エネチェンジは27日、監査法人から不正な会計処理の疑いを指摘されていた問題で、外部調査委員会による報告書を発表した。電気自動車(EV)用充電設備を保有する特別目的会社(SPC)の連結要否問題について「隠ぺいしていたとの事実は認められなかった」と結論づけた。ただ、城口洋平最高経営責任者(CEO)による不正を許容するような不適切な言動も一部で認められた。同社は、調査委員会の指摘を踏まえ、7月16日をめどに再発防止策をまとめる予定だ。

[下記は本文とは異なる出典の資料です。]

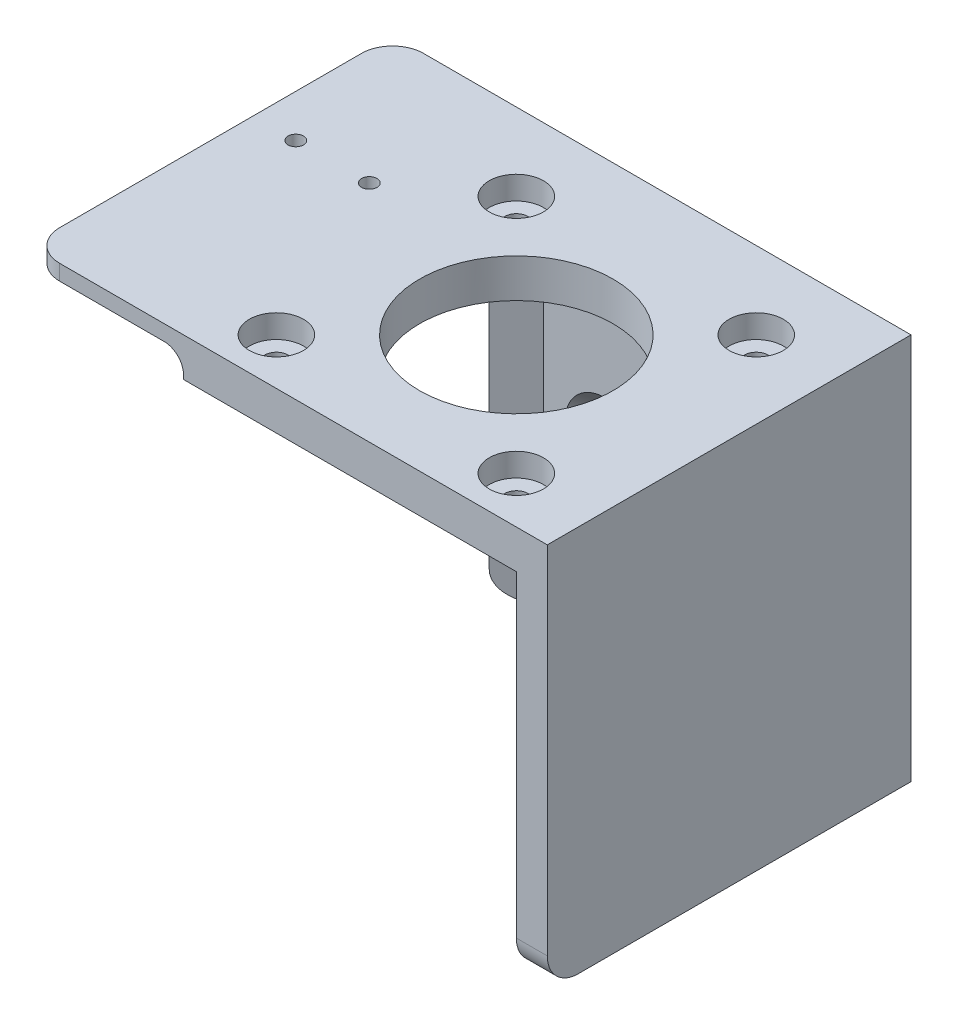
ISO-10303-21;
HEADER;
FILE_DESCRIPTION(('STEP AP214'),'2;1');
FILE_NAME('part.step','',(''),(''),'','','');
FILE_SCHEMA(('AUTOMOTIVE_DESIGN { 1 0 10303 214 1 1 1 1 }'));
ENDSEC;
DATA;
#1=APPLICATION_CONTEXT('core data for automotive mechanical design processes');
#2=APPLICATION_PROTOCOL_DEFINITION('international standard','automotive_design',2000,#1);
#3=PRODUCT_CONTEXT('',#1,'mechanical');
#4=PRODUCT('Part','Part','',(#3));
#5=PRODUCT_RELATED_PRODUCT_CATEGORY('part','',(#4));
#6=PRODUCT_DEFINITION_FORMATION('','',#4);
#7=PRODUCT_DEFINITION_CONTEXT('part definition',#1,'design');
#8=PRODUCT_DEFINITION('design','',#6,#7);
#9=PRODUCT_DEFINITION_SHAPE('','',#8);
#10=(LENGTH_UNIT() NAMED_UNIT(*) SI_UNIT(.MILLI.,.METRE.));
#11=(NAMED_UNIT(*) PLANE_ANGLE_UNIT() SI_UNIT($,.RADIAN.));
#12=(NAMED_UNIT(*) SI_UNIT($,.STERADIAN.) SOLID_ANGLE_UNIT());
#13=UNCERTAINTY_MEASURE_WITH_UNIT(LENGTH_MEASURE(1.E-05),#10,'distance_accuracy_value','');
#14=(GEOMETRIC_REPRESENTATION_CONTEXT(3) GLOBAL_UNCERTAINTY_ASSIGNED_CONTEXT((#13)) GLOBAL_UNIT_ASSIGNED_CONTEXT((#10,
#11,#12)) REPRESENTATION_CONTEXT('',''));
#15=CARTESIAN_POINT('',(0.,0.,0.));
#16=DIRECTION('',(0.,0.,1.));
#17=DIRECTION('',(1.,0.,0.));
#18=AXIS2_PLACEMENT_3D('',#15,#16,#17);
#19=CARTESIAN_POINT('',(0.,50.,0.));
#20=DIRECTION('',(0.,-1.,0.));
#21=DIRECTION('',(0.,0.,-1.));
#22=AXIS2_PLACEMENT_3D('',#19,#20,#21);
#23=PLANE('',#22);
#24=DIRECTION('',(0.,0.,1.));
#25=VECTOR('',#24,1.);
#26=CARTESIAN_POINT('',(-20.,50.,0.));
#27=LINE('',#26,#25);
#28=CARTESIAN_POINT('',(-20.,50.,4.));
#29=VERTEX_POINT('',#28);
#30=CARTESIAN_POINT('',(-20.,50.,43.));
#31=VERTEX_POINT('',#30);
#32=EDGE_CURVE('E203',#29,#31,#27,.T.);
#33=ORIENTED_EDGE('',*,*,#32,.T.);
#34=CARTESIAN_POINT('',(-16.,50.,43.));
#35=DIRECTION('',(0.,-1.,0.));
#36=DIRECTION('',(0.,0.,-1.));
#37=AXIS2_PLACEMENT_3D('',#34,#35,#36);
#38=CIRCLE('',#37,4.);
#39=CARTESIAN_POINT('',(-16.,50.,47.));
#40=VERTEX_POINT('',#39);
#41=EDGE_CURVE('E412',#31,#40,#38,.F.);
#42=ORIENTED_EDGE('',*,*,#41,.T.);
#43=DIRECTION('',(1.,0.,0.));
#44=VECTOR('',#43,1.);
#45=CARTESIAN_POINT('',(47.,50.,47.));
#46=LINE('',#45,#44);
#47=CARTESIAN_POINT('',(47.,50.,47.));
#48=VERTEX_POINT('',#47);
#49=EDGE_CURVE('E208',#40,#48,#46,.T.);
#50=ORIENTED_EDGE('',*,*,#49,.T.);
#51=DIRECTION('',(0.,0.,-1.));
#52=VECTOR('',#51,1.);
#53=CARTESIAN_POINT('',(47.,50.,0.));
#54=LINE('',#53,#52);
#55=CARTESIAN_POINT('',(47.,50.,0.));
#56=VERTEX_POINT('',#55);
#57=EDGE_CURVE('E183',#48,#56,#54,.T.);
#58=ORIENTED_EDGE('',*,*,#57,.T.);
#59=DIRECTION('',(-1.,0.,0.));
#60=VECTOR('',#59,1.);
#61=CARTESIAN_POINT('',(47.,50.,0.));
#62=LINE('',#61,#60);
#63=CARTESIAN_POINT('',(-16.,50.,0.));
#64=VERTEX_POINT('',#63);
#65=EDGE_CURVE('E194',#56,#64,#62,.T.);
#66=ORIENTED_EDGE('',*,*,#65,.T.);
#67=CARTESIAN_POINT('',(-16.,50.,4.));
#68=DIRECTION('',(0.,-1.,0.));
#69=DIRECTION('',(0.,0.,-1.));
#70=AXIS2_PLACEMENT_3D('',#67,#68,#69);
#71=CIRCLE('',#70,4.);
#72=EDGE_CURVE('E409',#64,#29,#71,.F.);
#73=ORIENTED_EDGE('',*,*,#72,.T.);
#74=EDGE_LOOP('',(#33,#42,#50,#58,#66,#73));
#75=FACE_BOUND('',#74,.T.);
#76=CARTESIAN_POINT('',(6.,50.,10.));
#77=DIRECTION('',(0.,1.,0.));
#78=DIRECTION('',(0.,0.,1.));
#79=AXIS2_PLACEMENT_3D('',#76,#77,#78);
#80=CIRCLE('',#79,3.5);
#81=CARTESIAN_POINT('',(6.,50.,13.5));
#82=VERTEX_POINT('',#81);
#83=EDGE_CURVE('E211',#82,#82,#80,.T.);
#84=ORIENTED_EDGE('',*,*,#83,.F.);
#85=EDGE_LOOP('',(#84));
#86=FACE_BOUND('',#85,.T.);
#87=CARTESIAN_POINT('',(6.,50.,41.));
#88=DIRECTION('',(0.,1.,0.));
#89=DIRECTION('',(0.,0.,1.));
#90=AXIS2_PLACEMENT_3D('',#87,#88,#89);
#91=CIRCLE('',#90,3.5);
#92=CARTESIAN_POINT('',(6.,50.,44.5));
#93=VERTEX_POINT('',#92);
#94=EDGE_CURVE('E564',#93,#93,#91,.T.);
#95=ORIENTED_EDGE('',*,*,#94,.F.);
#96=EDGE_LOOP('',(#95));
#97=FACE_BOUND('',#96,.T.);
#98=CARTESIAN_POINT('',(37.,50.,10.));
#99=DIRECTION('',(0.,1.,0.));
#100=DIRECTION('',(0.,0.,1.));
#101=AXIS2_PLACEMENT_3D('',#98,#99,#100);
#102=CIRCLE('',#101,3.5);
#103=CARTESIAN_POINT('',(37.,50.,13.5));
#104=VERTEX_POINT('',#103);
#105=EDGE_CURVE('E556',#104,#104,#102,.T.);
#106=ORIENTED_EDGE('',*,*,#105,.F.);
#107=EDGE_LOOP('',(#106));
#108=FACE_BOUND('',#107,.T.);
#109=CARTESIAN_POINT('',(37.,50.,41.));
#110=DIRECTION('',(0.,1.,0.));
#111=DIRECTION('',(0.,0.,1.));
#112=AXIS2_PLACEMENT_3D('',#109,#110,#111);
#113=CIRCLE('',#112,3.5);
#114=CARTESIAN_POINT('',(37.,50.,44.5));
#115=VERTEX_POINT('',#114);
#116=EDGE_CURVE('E548',#115,#115,#113,.T.);
#117=ORIENTED_EDGE('',*,*,#116,.F.);
#118=EDGE_LOOP('',(#117));
#119=FACE_BOUND('',#118,.T.);
#120=CARTESIAN_POINT('',(21.5,50.,25.5));
#121=DIRECTION('',(0.,1.,0.));
#122=DIRECTION('',(0.,0.,1.));
#123=AXIS2_PLACEMENT_3D('',#120,#121,#122);
#124=CIRCLE('',#123,12.5);
#125=CARTESIAN_POINT('',(21.5,50.,38.));
#126=VERTEX_POINT('',#125);
#127=EDGE_CURVE('E543',#126,#126,#124,.T.);
#128=ORIENTED_EDGE('',*,*,#127,.F.);
#129=EDGE_LOOP('',(#128));
#130=FACE_BOUND('',#129,.T.);
#131=CARTESIAN_POINT('',(-14.5,50.,18.));
#132=DIRECTION('',(0.,1.,0.));
#133=DIRECTION('',(0.,0.,1.));
#134=AXIS2_PLACEMENT_3D('',#131,#132,#133);
#135=CIRCLE('',#134,0.999999999999999);
#136=CARTESIAN_POINT('',(-14.5,50.,19.));
#137=VERTEX_POINT('',#136);
#138=EDGE_CURVE('E539',#137,#137,#135,.T.);
#139=ORIENTED_EDGE('',*,*,#138,.F.);
#140=EDGE_LOOP('',(#139));
#141=FACE_BOUND('',#140,.T.);
#142=CARTESIAN_POINT('',(-5.,50.,18.));
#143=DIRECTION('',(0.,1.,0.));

今回の調査は、エネチェンジがSPCを連結外としている会計処理について、あずさ監査法人が連結対象にするとともに事前に必要な情報が報告されていなかったと指摘したことを受けて、3月に立ち上げた委員会で実施した。なお、エネチェンジは、連結財務諸表を早期に確定させるため、連結範囲に含めること自体は決めている。
エネチェンジ、特別目的会社の会計方針について外部調査委員会を設置
報告書によると、あずさは、SPCを連結外とすることで、エネチェンジがSPCから収受する充電器の売買代金や工事代、運営委託料をエネチェンジの売り上げに計上するスキームを是認していた。しかし、その際に金銭消費貸借契約の内容やオプション行使条件、SPCの事業計画見通しなどについてエネチェンジから受けた説明が不十分だったと指摘した。
調査の結果、あずさに対する説明で意図的に隠ぺいしたり、虚偽の内容を伝えたりした事実は確認されなかった。一方で、城口CEOと最高財務責任者や監査法人との間での社内外でのコミュニケーション不足などの問題点を指摘した。
また、調査の結果、EV充電事業のスキームの検討段階において城口CEOが同社役員に対してコミュニケーションツールでEV充電機器の買い取りの契約を「裏で巻く」「監査法人に黙って巻きたい」などと書き込みしていたことも判明した。これについて報告書では「経営者が社内に示す姿勢として不適切といわざるを得ない」と指摘した。
調査委員会は、調査結果を踏まえ、コンプライアンス意識の向上や権限分散によるけん制機能の強化、取締役会の監督機能の強化などを再発防止に向けて提言した。
エネチェンジは同日、有価証券報告書が期限の28日までに提出できないと発表。東京証券取引所に監理銘柄(確認中)に指定された。7月10日までに提出できなかった場合、上場廃止となる。